The practical implication is uncomfortable but important. Early wins in one function do not predict success elsewhere. What is working in marketing is working because of marketing’s specific role context. Finance has a different context, different blockers, and a different path to stabilisation. Operations has another. The CHRO faces yet another, workforce readiness questions that no other role is addressing, with feedback loops measured in quarters rather than days. The instinct to generalise (”AI is working here, so let’s accelerate it everywhere”) misreads what is actually happening. It mistakes a role-specific outcome for an organisational one.
The more useful question for any leadership team is not “where are we using AI?” but “where has AI use become predictable and owned?” Where is the variance dropping? Where has a function stopped experimenting and started operating? Where is confidence earned through repeated use rather than assumed on the basis of a promising pilot? Alongside these questions sits a related one that the Role Alignment Map is designed to answer: whether the leadership system as a whole shares a common interpretation of where AI is creating value, who owns it, and what the strategic priorities are. Adoption-stage divergence and strategic misalignment are not the same problem, and they do not resolve through the same interventions.
These are the places where budget should follow. Not because activity is highest, but because behaviour has stabilised enough to suggest the value will persist.
The Q1 fieldwork will test whether the concentration pattern anticipated here holds in practice, and whether it is concentrating by role before it concentrates by sector, by company size, or by use case.
That is worth watching.
This essay is part of Quaie’s Founding Essay Series, examining how organisations decide to adopt AI role by role, over time.
Notes and Sources
¹ Marketing and customer service as leading functional areas for stabilised AI use: Consistent with McKinsey Global Survey on AI (2024), which identified customer service, marketing, and software engineering as the three most common functions for generative AI deployment. BCG AI Radar 2025 (January 2025, 1,803 C-level executives) corroborates marketing and customer operations as early value-concentration areas.
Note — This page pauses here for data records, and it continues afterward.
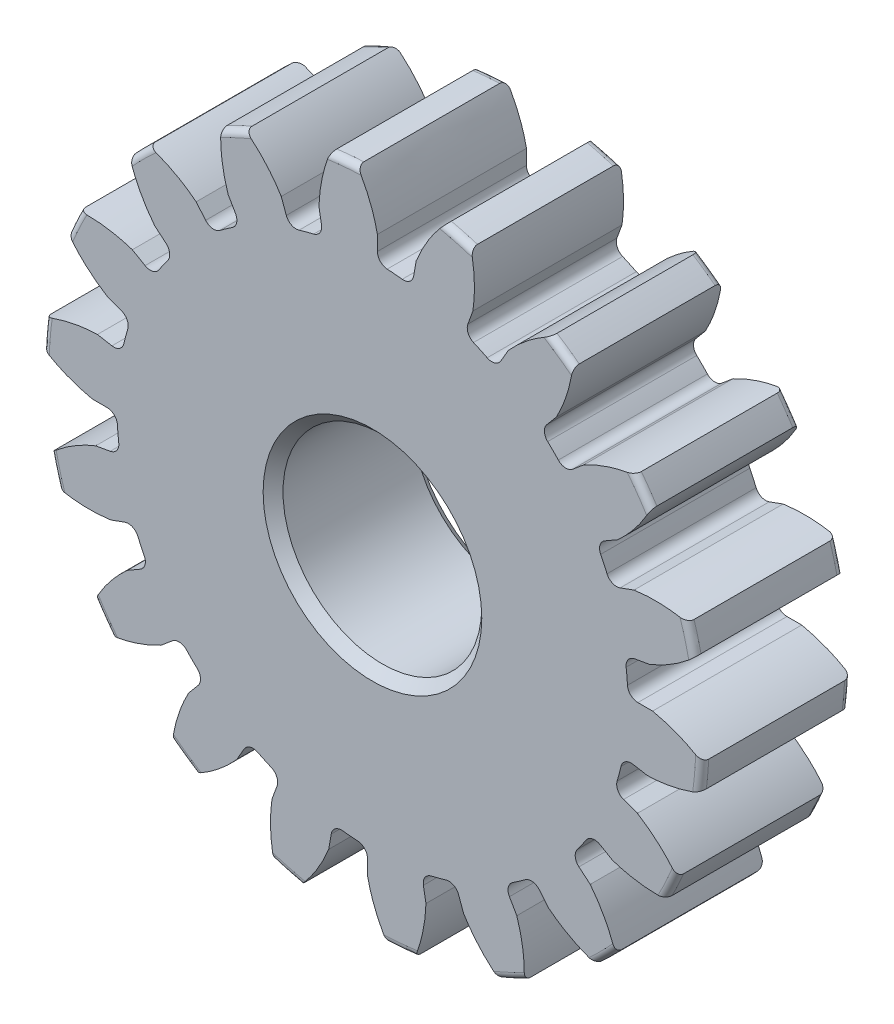
from build123d import *

# Parameters (mm, degrees)
SKETCH1_R                = 10.541
BOSS_EXTRUDE1_DEPTH      = 4.7625
SKETCH2_W                = 6.3373
SKETCH2_H                = 6.35
FILLET2_R                = 0.21082
CUT_EXTRUDE1_DEPTH       = 19.585772146
FILLET1_R                = 0.332486
CIRPATTERN1_COUNT        = 18
FILLET1_OF_CIRPATTERN1_R = 0.332486
SKETCH5_R                = 3.175
CUT_EXTRUDE2_DEPTH       = 19.572998108
SKETCH6_R                = 9.525
CUT_EXTRUDE3_DEPTH       = 17.183697661
CHAMFER1_SIZE            = 0.3175


with BuildPart() as part:
    # Sketch1 → Boss-Extrude1 (new body)
    with BuildSketch(Plane.XY):
        Circle(SKETCH1_R)
    extrude(amount=-BOSS_EXTRUDE1_DEPTH)

    # Sketch2 → Revolve1 (revolve)
    with BuildSketch(Plane(origin=(0, 0, 0), x_dir=(0, 0, -1), z_dir=(1, 0, 0)), mode=Mode.PRIVATE) as revolve1_sk:
        with Locations((7.93115, 3.175)):
            Rectangle(SKETCH2_W, SKETCH2_H)
    revolve(revolve1_sk.sketch.rotate(Axis((0, 0, -4.7625), (0, 0, -1)), 90), axis=Axis((0, 0, -4.7625), (0, 0, -1)))

    # Fillet2
    fillet2_edges = [part.edges().sort_by_distance(p)[0] for p in [
        (-10.541, 0, 0),
        (-10.541, 0, -4.7625),
        (-6.35, 0, -4.7625),
    ]]
    fillet(fillet2_edges, radius=FILLET2_R)

    # Sketch4 → Cut-Extrude1 (cut, through all)
    with BuildSketch(Plane.XY):
        with BuildLine():
            Line((0.157561629, 8.949185285), (0.157561629, 8.158228631))
            ThreePointArc((0.157561629, 8.158228631), (0.711170731, 8.128699543), (1.261496911, 8.061646582))
            Line((1.261496911, 8.061646582), (1.398845411, 8.840586771))
            add(Edge.make_bspline(
                [(4.497758077, 11.696351513), (2.192075376, 10.823747212), (1.398845411, 8.840586771)],
                knots=[0, 0, 0, 1, 1, 1], degree=2))
            ThreePointArc((4.497758077, 11.696351513), (1.092180738, 12.483653619), (-2.39837188, 12.299686125))
            add(Edge.make_bspline(
                [(-2.39837188, 12.299686125), (-0.279244341, 11.039960179), (0.157561629, 8.949185285)],
                knots=[0, 0, 0, 1, 1, 1], degree=2))
        make_face()
    cut_extrude1 = extrude(amount=-CUT_EXTRUDE1_DEPTH, mode=Mode.SUBTRACT)

    # Fillet1
    fillet1_edges = [part.edges().sort_by_distance(p)[0] for p in [
        (1.261496911, 8.061646582, -2.38125),
        (0.157561629, 8.158228631, -2.38125),
    ]]
    fillet(fillet1_edges, radius=FILLET1_R)

    # CirPattern1: Cut-Extrude1 ×18 about axis
    cirpattern1_axis = Axis((0, 0, -4.7625), (0, 0, 1))
    for i in range(1, CIRPATTERN1_COUNT):
        add(cut_extrude1.rotate(cirpattern1_axis, i * 360 / CIRPATTERN1_COUNT), mode=Mode.SUBTRACT)

    # Fillet1 of CirPattern1
    fillet1_of_cirpattern1_edges = [part.edges().sort_by_distance(p)[0] for p in [
        (-1.57182618, 8.006927158, -2.38125),
        (-2.642219026, 7.720116494, -2.38125),
        (-4.215563837, 6.98645415, -2.38125),
        (-5.123309071, 6.350844371, -2.38125),
        (-6.35084228, 5.123311663, -2.38125),
        (-6.98645243, 4.215566689, -2.38125),
        (-7.720115416, 2.642222177, -2.38125),
        (-8.006926517, 1.571829448, -2.38125),
        (-8.158228695, -0.157558299, -2.38125),
        (-8.061647096, -1.261493621, -2.38125),
        (-7.612339192, -2.938334919, -2.38125),
        (-7.144014059, -3.942661942, -2.38125),
        (-6.148289235, -5.364704982, -2.38125),
        (-5.364707491, -6.148287046, -2.38125),
        (-3.942664858, -7.14401245, -2.38125),
        (-2.938338026, -7.612337992, -2.38125),
        (-1.261496911, -8.061646582, -2.38125),
        (-0.157561629, -8.158228631, -2.38125),
        (1.57182618, -8.006927158, -2.38125),
        (2.642219026, -7.720116494, -2.38125),
        (4.215563837, -6.98645415, -2.38125),
        (5.123309071, -6.350844371, -2.38125),
        (6.35084228, -5.123311663, -2.38125),
        (6.98645243, -4.215566689, -2.38125),
        (7.720115416, -2.642222177, -2.38125),
        (8.006926517, -1.571829448, -2.38125),
        (8.158228695, 0.157558299, -2.38125),
        (8.061647096, 1.261493621, -2.38125),
        (7.612339192, 2.938334919, -2.38125),
        (7.144014059, 3.942661942, -2.38125),
        (6.148289235, 5.364704982, -2.38125),
        (5.364707491, 6.148287046, -2.38125),
        (3.942664858, 7.14401245, -2.38125),
        (2.938338026, 7.612337992, -2.38125),
    ]]
    fillet(fillet1_of_cirpattern1_edges, radius=FILLET1_OF_CIRPATTERN1_R)

    # Sketch5 → Cut-Extrude2 (cut, through all)
    with BuildSketch(Plane.XY):
        Circle(SKETCH5_R)
    extrude(amount=-CUT_EXTRUDE2_DEPTH, mode=Mode.SUBTRACT)

    # Sketch6 → Cut-Extrude3 (cut, through all)
    with BuildSketch(Plane(origin=(0, 0, -4.7625), x_dir=(-1, 0, 0), z_dir=(0, 0, -1))):
        Circle(SKETCH6_R)
    extrude(amount=CUT_EXTRUDE3_DEPTH, mode=Mode.SUBTRACT)

    # Chamfer1
    chamfer1_edges = [part.edges().sort_by_distance(p)[0] for p in [
        (-3.175, 0, 0),
        (-3.175, 0, -4.7625),
    ]]
    chamfer(chamfer1_edges, length=CHAMFER1_SIZE)


solid = part.part
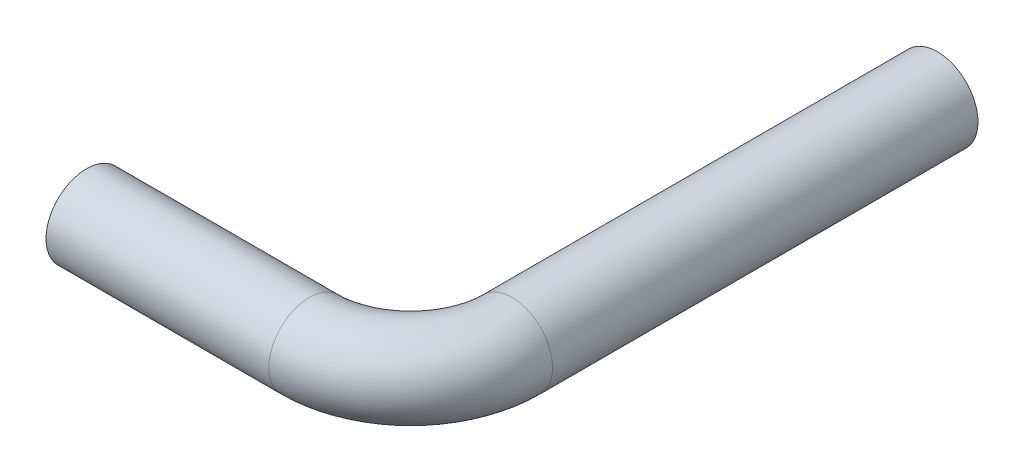
from build123d import *

# Parameters (mm, degrees)
TUBE_PROFILE_R   = 4
TUBE_PROFILE_R_2 = 3


with BuildPart() as part:
    # Tube: sweep along a curve in space
    with BuildLine() as tube_path:
        Line((148, 21, 95), (170, 21, 95))
        ThreePointArc((180, 21, 85), (177.071067812, 21, 92.071067812), (170, 21, 95))
        Line((180, 21, 85), (180, 21, 43))
    # Tube profile (on start of the path) → Tube (sweep)
    with BuildSketch(Plane(origin=(148, 21, 95), x_dir=(0, 0, 1), z_dir=(1, 0, 0))):
        Circle(TUBE_PROFILE_R)
        Circle(TUBE_PROFILE_R_2, mode=Mode.SUBTRACT)
    sweep(path=tube_path.line)


solid = part.part
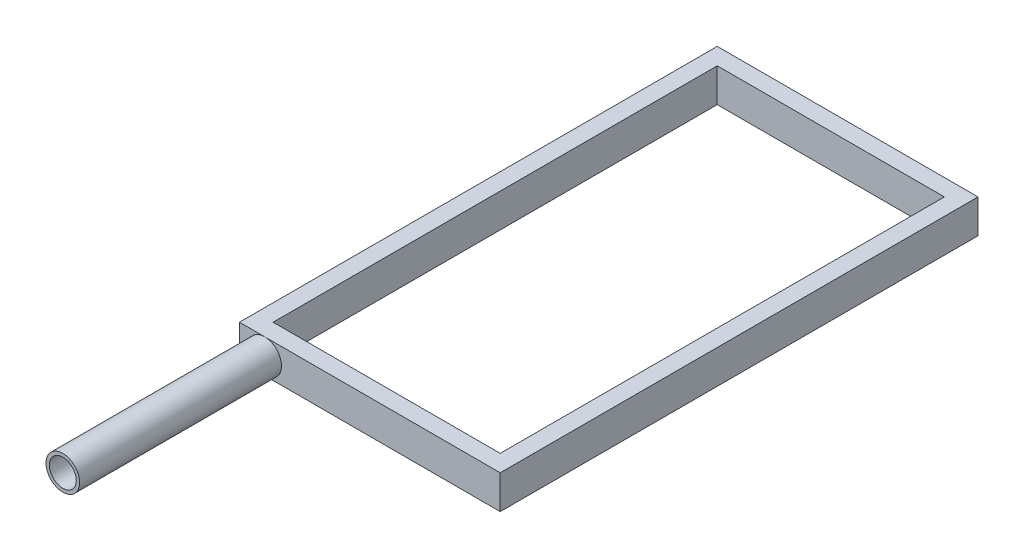
from build123d import *

# Parameters (mm, degrees)
SCHIZZO1_W                   = 155
SCHIZZO1_H                   = 284
SCHIZZO1_W_2                 = 135
SCHIZZO1_H_2                 = 264
ESTRUSIONE_SOTTILE1_DEPTH    = 20
SCHIZZO2_R                   = 10
SCHIZZO2_R_2                 = 8
ESTRUSIONE_ESTRUSIONE1_DEPTH = 120


with BuildPart() as part:
    # Schizzo1 → Estrusione-Sottile1 (new body)
    with BuildSketch(Plane(origin=(0, 0, 0), x_dir=(1, 0, 0), z_dir=(0, 1, 0))):
        with Locations((67.5, 132)):
            Rectangle(SCHIZZO1_W, SCHIZZO1_H)
        with Locations((67.5, 132)):
            Rectangle(SCHIZZO1_W_2, SCHIZZO1_H_2, mode=Mode.SUBTRACT)
    extrude(amount=ESTRUSIONE_SOTTILE1_DEPTH)

    # Schizzo2 → Estrusione-Estrusione1 (add)
    with BuildSketch(Plane.XY.offset(10)):
        with Locations(Location((5, 10, 0), (0, 0, 270))):
            Circle(SCHIZZO2_R)
        with Locations((5, 10)):
            Circle(SCHIZZO2_R_2, mode=Mode.SUBTRACT)
    extrude(amount=ESTRUSIONE_ESTRUSIONE1_DEPTH)


solid = part.part
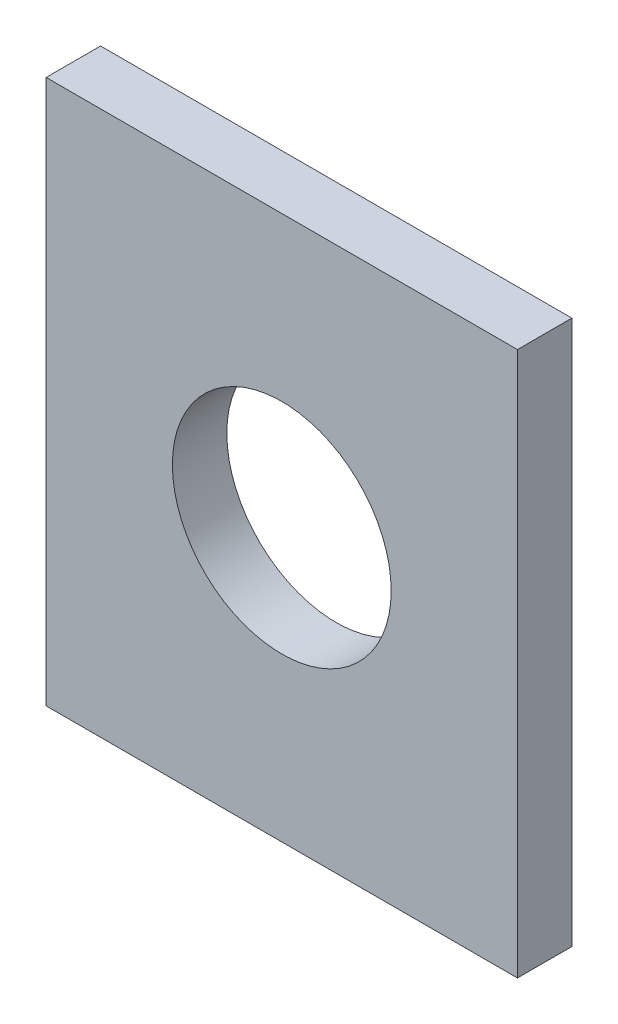
from build123d import *

# Parameters (mm, degrees)
SKETCH1_W           = 21.9964
SKETCH1_H           = 25.4
SKETCH1_R           = 5.1054
BOSS_EXTRUDE1_DEPTH = 2.54


with BuildPart() as part:
    # Sketch1 → Boss-Extrude1 (new body)
    with BuildSketch(Plane.XY):
        Rectangle(SKETCH1_W, SKETCH1_H)
        Circle(SKETCH1_R, mode=Mode.SUBTRACT)
    extrude(amount=BOSS_EXTRUDE1_DEPTH)


solid = part.part
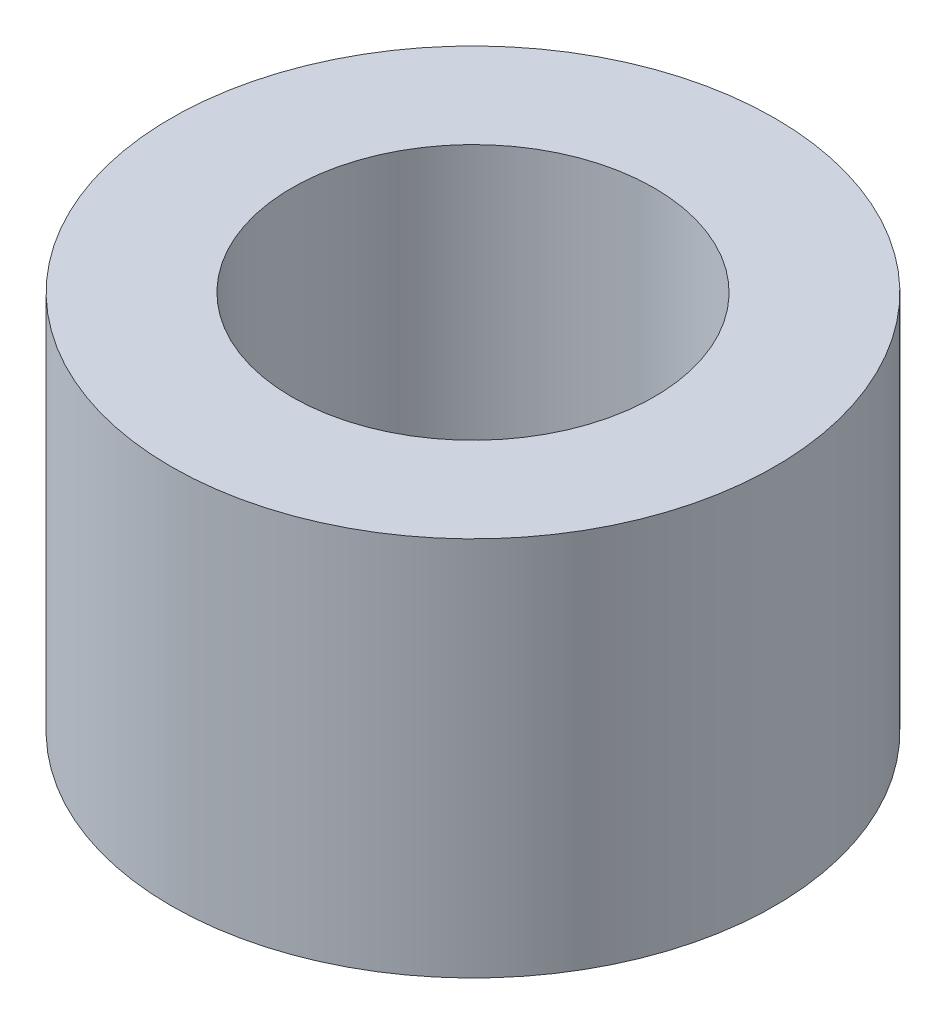
from build123d import *

# Parameters (mm, degrees)
CROQUIS_BASE_R          = 2.5
SALIENTE_EXTRUIR1_DEPTH = 3.15
CROQUIS_BARRENOS_R      = 1.5
CORTAR_EXTRUIR1_DEPTH   = 5.735240226


with BuildPart() as part:
    # Croquis base → Saliente-Extruir1 (new body)
    with BuildSketch(Plane(origin=(0, 0, 0), x_dir=(1, 0, 0), z_dir=(0, 1, 0))):
        with Locations(Location((0, 0, 0), (0, 0, 270))):
            Circle(CROQUIS_BASE_R)
    extrude(amount=SALIENTE_EXTRUIR1_DEPTH)

    # Croquis barrenos → Cortar-Extruir1 (cut, through all)
    with BuildSketch(Plane(origin=(0, 3.15, 0), x_dir=(1, 0, 0), z_dir=(0, 1, 0))):
        with Locations(Location((0, 0, 0), (0, 0, 270))):
            Circle(CROQUIS_BARRENOS_R)
    extrude(amount=-CORTAR_EXTRUIR1_DEPTH, mode=Mode.SUBTRACT)


solid = part.part
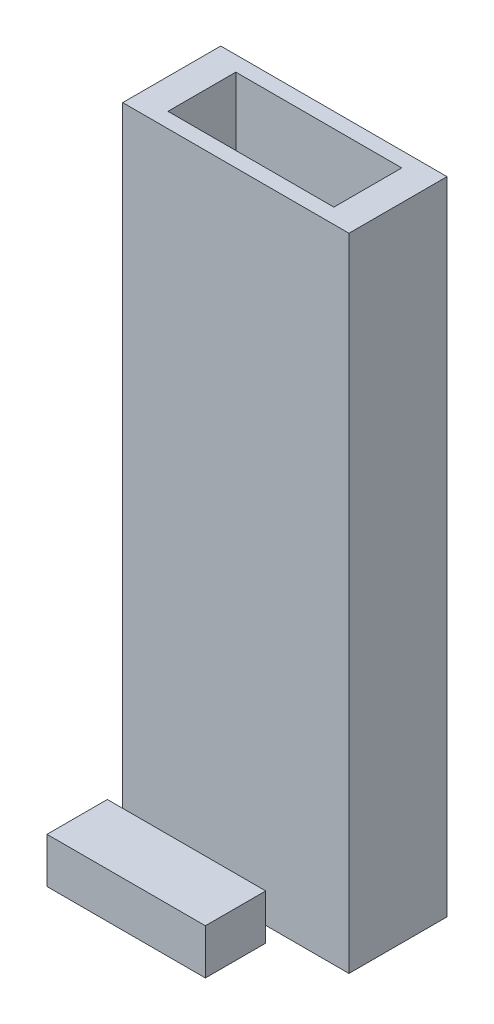
from build123d import *

# Parameters (mm, degrees)
SKETCH1_W           = 30
SKETCH1_H           = 13
BOSS_EXTRUDE1_DEPTH = 85
SKETCH2_W           = 22
SKETCH2_H           = 9
CUT_EXTRUDE2_DEPTH  = 85
SKETCH4_W           = 21
SKETCH4_H           = 8
BOSS_EXTRUDE2_DEPTH = 6


with BuildPart() as part:
    # Sketch1 → Boss-Extrude1 (new body)
    with BuildSketch(Plane(origin=(0, 0, 0), x_dir=(1, 0, 0), z_dir=(0, 1, 0))):
        with Locations((15, -6.5)):
            Rectangle(SKETCH1_W, SKETCH1_H)
    extrude(amount=BOSS_EXTRUDE1_DEPTH)

    # Sketch2 → Cut-Extrude2 (cut)
    with BuildSketch(Plane(origin=(0, 85, 0), x_dir=(1, 0, 0), z_dir=(0, 1, 0))):
        with Locations((15, -6.5)):
            Rectangle(SKETCH2_W, SKETCH2_H)
    extrude(amount=-CUT_EXTRUDE2_DEPTH, mode=Mode.SUBTRACT)


with BuildPart() as body_2:
    # Sketch4 → Boss-Extrude2 (new body)
    with BuildSketch(Plane(origin=(0, 0, 0), x_dir=(1, 0, 0), z_dir=(0, 1, 0))):
        with Locations((10.5, -19.036435156)):
            Rectangle(SKETCH4_W, SKETCH4_H)
    extrude(amount=BOSS_EXTRUDE2_DEPTH)


solid = Compound([part.part, body_2.part])
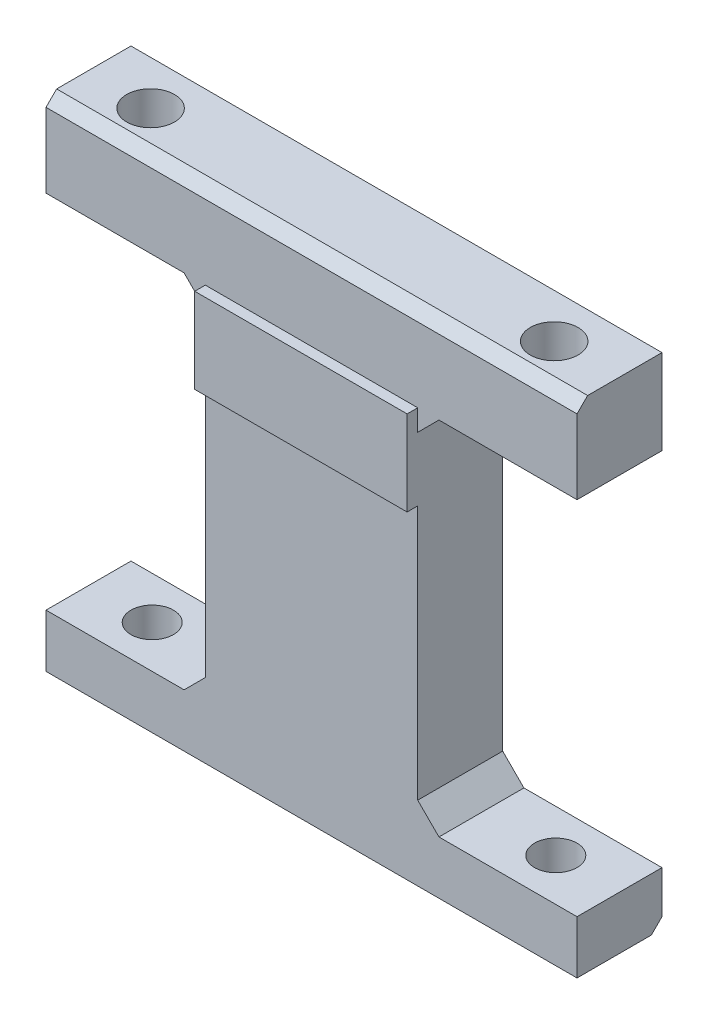
from build123d import *

# Parameters (mm, degrees)
SKETCH_1_W          = 50
SKETCH_1_H          = 8
EXTRUDE_1_DEPTH     = 8
SKETCH_2_R          = 2
CUT_EXTRUDE_1_DEPTH = 8
SKETCH_3_W          = 20
SKETCH_3_H          = 8
EXTRUDE_2_DEPTH     = 1
SKETCH_4_R          = 2.25
CUT_EXTRUDE_2_DEPTH = 10
SKETCH_4_3_R        = 2.25
CUT_EXTRUDE_3_DEPTH = 10
CHAMFER_1_SIZE      = 2
CHAMFER_2_SIZE      = 1
CHAMFER_3_SIZE      = 1


with BuildPart() as part:
    # ｽｹｯﾁ1 → ﾎﾞｽ - 押し出し1 (new body)
    with BuildSketch(Plane.XY):
        Polygon((0, 0), (25, 0), (25, 5), (-25, 5), (-25, 0), align=None)
        Polygon((0, 5), (10, 5), (10, 39), (-10, 39), (-10, 5), align=None)
        with Locations((0, 43)):
            Rectangle(SKETCH_1_W, SKETCH_1_H)
    extrude(amount=-EXTRUDE_1_DEPTH)

    # ｽｹｯﾁ2 → ｶｯﾄ - 押し出し1 (cut)
    with BuildSketch(Plane(origin=(0, 5, 0), x_dir=(1, 0, 0), z_dir=(0, 1, 0))):
        with Locations((19, 4)):
            Circle(SKETCH_2_R)
        with Locations((-19, 4)):
            Circle(SKETCH_2_R)
    extrude(amount=-CUT_EXTRUDE_1_DEPTH, mode=Mode.SUBTRACT)

    # ｽｹｯﾁ3 → ﾎﾞｽ - 押し出し2 (add)
    with BuildSketch(Plane.XY):
        with Locations((0, 35)):
            Rectangle(SKETCH_3_W, SKETCH_3_H)
    extrude(amount=EXTRUDE_2_DEPTH)

    # ｽｹｯﾁ4 → ｶｯﾄ - 押し出し2 (cut)
    with BuildSketch(Plane(origin=(0, 47, 0), x_dir=(1, 0, 0), z_dir=(0, 1, 0))):
        with Locations((19, 3.847406514)):
            Circle(SKETCH_4_R)
    extrude(amount=-CUT_EXTRUDE_2_DEPTH, mode=Mode.SUBTRACT)

    # ｽｹｯﾁ4<3> → ｶｯﾄ - 押し出し3 (cut)
    with BuildSketch(Plane(origin=(0, 47, 0), x_dir=(1, 0, 0), z_dir=(0, 1, 0))):
        with Locations((19, 3.847406514)):
            Circle(SKETCH_4_3_R)
        with Locations((-19, 3.847406514)):
            Circle(SKETCH_4_3_R)
    extrude(amount=-CUT_EXTRUDE_3_DEPTH, mode=Mode.SUBTRACT)

    # 面取り1
    chamfer_1_edges = [part.edges().sort_by_distance(p)[0] for p in [
        (10, 39, -4),
        (-10, 39, -4),
        (10, 5, -4),
        (-10, 5, -4),
    ]]
    chamfer(chamfer_1_edges, length=CHAMFER_1_SIZE)

    # 面取り2
    chamfer_2_edges = [part.edges().sort_by_distance(p)[0] for p in [
        (0, 47, 0),
    ]]
    chamfer(chamfer_2_edges, length=CHAMFER_2_SIZE)

    # 面取り3
    chamfer_3_edges = [part.edges().sort_by_distance(p)[0] for p in [
        (0, 0, -8),
    ]]
    chamfer(chamfer_3_edges, length=CHAMFER_3_SIZE)


solid = part.part

² Microsoft Copilot adoption-to-value gap: Microsoft reported 70 per cent of Fortune 500 companies purchasing Copilot licences by late 2024 (Microsoft earnings calls). Gartner found fewer than 5 per cent had moved beyond limited pilot (Gartner research, mid-2024). The gap between platform purchase and stabilised organisational use illustrates why deployment metrics alone do not capture value formation.
Quaie’s six analytical constructs (the Role Shift Index, Role Lead-Lag Ranking, Consensus Formation Time, Role Influence Index, Organisational Adoption Gradient, and Role Alignment Map) are described in full in the forthcoming book The Role Layer: The Missing Intelligence in Enterprise AI Adoption (Quaie Ltd, 2026) and in subsequent essays in this series.